Un peu comme pour le rythme du Mondial, quatre ans après avoir donné le Requiem de Verdi au même endroit (voir compte rendu), Valery Gergiev revient avec deux des quatre solistes, sur le vaste plateau du Festspielhaus de Baden-Baden pour un bis. Alors que sous les Tropiques, la France achève d’ailleurs de se faire battre par l’Allemagne en quart de Finale, les spectateurs regardent avec le plus grand calme la fin de la retransmission sur un écran installé dans le hall. Pas de débordements ni de réactions passionnées ici : l’ambiance est sereine et solennelle. C’est à peine si on compte un peu moins de monde que d’ordinaire ; à l’extérieur, ni klaxons ni vivats pour perturber quoi que ce soit. Le match se termine quelques minutes à peine avant le concert, ce qui laisse le temps aux uns et aux autres de s’installer tranquillement ; de toute façon, Valery Gergiev est toujours en retard de quelques minutes, mais après, on rattrape en quelque sorte le temps perdu.

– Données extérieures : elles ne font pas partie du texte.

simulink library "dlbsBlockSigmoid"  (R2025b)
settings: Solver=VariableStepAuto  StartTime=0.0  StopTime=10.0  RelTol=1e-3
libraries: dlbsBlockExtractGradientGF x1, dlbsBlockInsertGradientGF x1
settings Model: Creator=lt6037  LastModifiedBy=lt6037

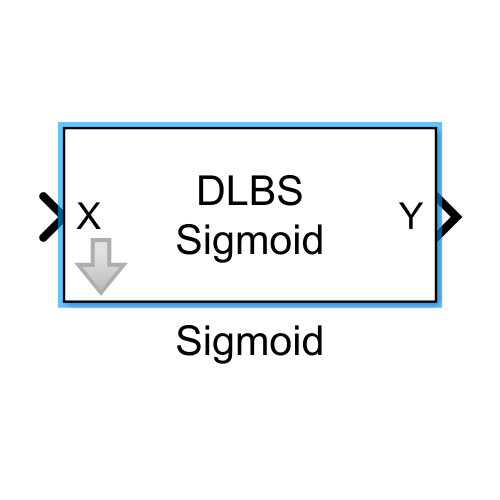
[thumbnail: Simulink's stored preview of the top-level diagram]
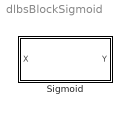
== system dlbsBlockSigmoid ==
  Sigmoid : Subsystem
      mask help: Applies the logistic sigmoid activation to the input tensor. The operation is applied element-wise across all tensor elements.
      mask Help: web("dlbsHelpBlockSigmoid.html")
      mask Display: fprintf("DLBS\nSigmoid")

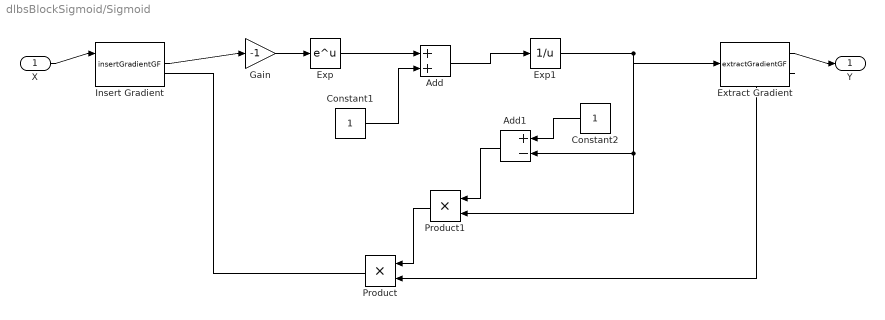
== system dlbsBlockSigmoid/Sigmoid ==
  X : Inport
  Add : Sum
  Add1 : Sum  Inputs=+-
  Constant1 : Constant
  Constant2 : Constant
  Exp : Math
  Exp1 : Math  Operator=reciprocal
  Extract Gradient : dlbsBlockExtractGradientGF/extractGradientGF
  Gain : Gain  Gain=-1
  Insert Gradient : dlbsBlockInsertGradientGF/insertGradientGF
  Product : Product
  Product1 : Product
  Y : Outport
  wires:
  Exp/1 -> Add/1
  Insert Gradient/1 -> Gain/1
  Exp1/1 -> Extract Gradient/1, Product1/2, Add1/2
  Add/1 -> Exp1/1
  Gain/1 -> Exp/1
  Product1/1 -> Product/1
  Add1/1 -> Product1/1
  Constant1/1 -> Add/2
  Constant2/1 -> Add1/1
  Product/1 -> Insert Gradient/2
  Extract Gradient/2 -> Product/2
  X/1 -> Insert Gradient/1
  Extract Gradient/1 -> Y/1

Une fois lancée, la mécanique du chef d’orchestre russe se transforme en déferlante. Mené tambour battant, le vaste ensemble, chœurs compris, réagit au quart de tour et l’on se retrouve embarqué sur une Charrette fantôme qui emporte tout sur son passage dans un train d’enfer. Le fameux « opéra en habit ecclésiastique », pour reprendre la formule de Hans von Bülow, s’impose comme une vaste fresque haute en couleur, puissamment sonore, qui laisse l’auditeur collé à son siège, terrifié et laminé. Rien de consolateur dans ce Requiem : les morts sont réveillés et se doivent de répondre de leurs actes. Délaissant ses habitudes de conduite à mains nues, le fougueux maestro tient ici une courte baguette de la main droite, main très active, alors que la gauche, celle du cœur, effectue des mouvements contenus quoique plus intenses dans le « Lacrimosa » tout comme le « Libera me ». Véritable démonstration de force, la direction frappe par sa précision et son ampleur : on se voit pour ainsi dire englouti dans le Jugement dernier de Michel-Ange, infernal tourbillon où chacun est confronté au même cataclysme. Chaque pupitre est avantageusement et distinctement représenté et comme souvent avec le sémillant directeur du Mariinsky, l’œuvre interprétée est plus que familière avec un je-ne-sais-quoi de novateur et d’inattendu qui titille et excite immanquablement l’intérêt. La masse sonore prend de la profondeur, notamment dans le « Dies Irae » ou les trompettes retentissent en avant et en hauteur dans les loges de côté de la salle. On se croirait dans une Aida balayée par un souffle de feu dont on ressentirait chacune des flammèches. Le « Lux aeterna » évoque un superbe coucher de soleil sur d’immenses étendues, des steppes ou une toundra plutôt qu’une plaine du Pô, au demeurant.
Le plateau vocal, s’il est globalement plutôt équilibré, offre tout de même un certain nombre de disparités. Sergei Semishkur est ainsi en deçà de ce que proposent ses partenaires. Les aigus sont tonitrués mais davantage de couleurs et surtout de la nuance auraient été bienvenues. Rien de tel chez Mikhail Petrenko qui possède un nuancier superbe : la voix se fait entre autres opportunément blanche, puis exsangue dans le « Salva me ». Quelques graves évoquent les basses profondes et nous rappellent que nous avons bien affaire à une équipe russe. Yulia Matochkina séduit d’emblée par un timbre riche et moiré. Son « Lacrimosa » suit le mouvement général et ne laisse pas de prises aux pleurs, mais il s’en faut de peu, tant la puissance expressive de la mezzo est évidente. La très jolie Viktoria Yastrebova évoque ici la Maria Callas du Pirate : mince, élégante et économe de ses gestes, bouche entrouverte, tout est parfaitement étudié chez la jeune femme. Sa technique est prometteuse et ses défauts (des aigus un peu limités, notamment) ne gâtent pas l’émotion qu’elle parvient à instiller. Au final, un Requiem passionnant et riche de correspondances visuelles, virtuose à souhait et bien sûr de nature à réveiller les morts, nous a épatée et laissés un rien sonnée.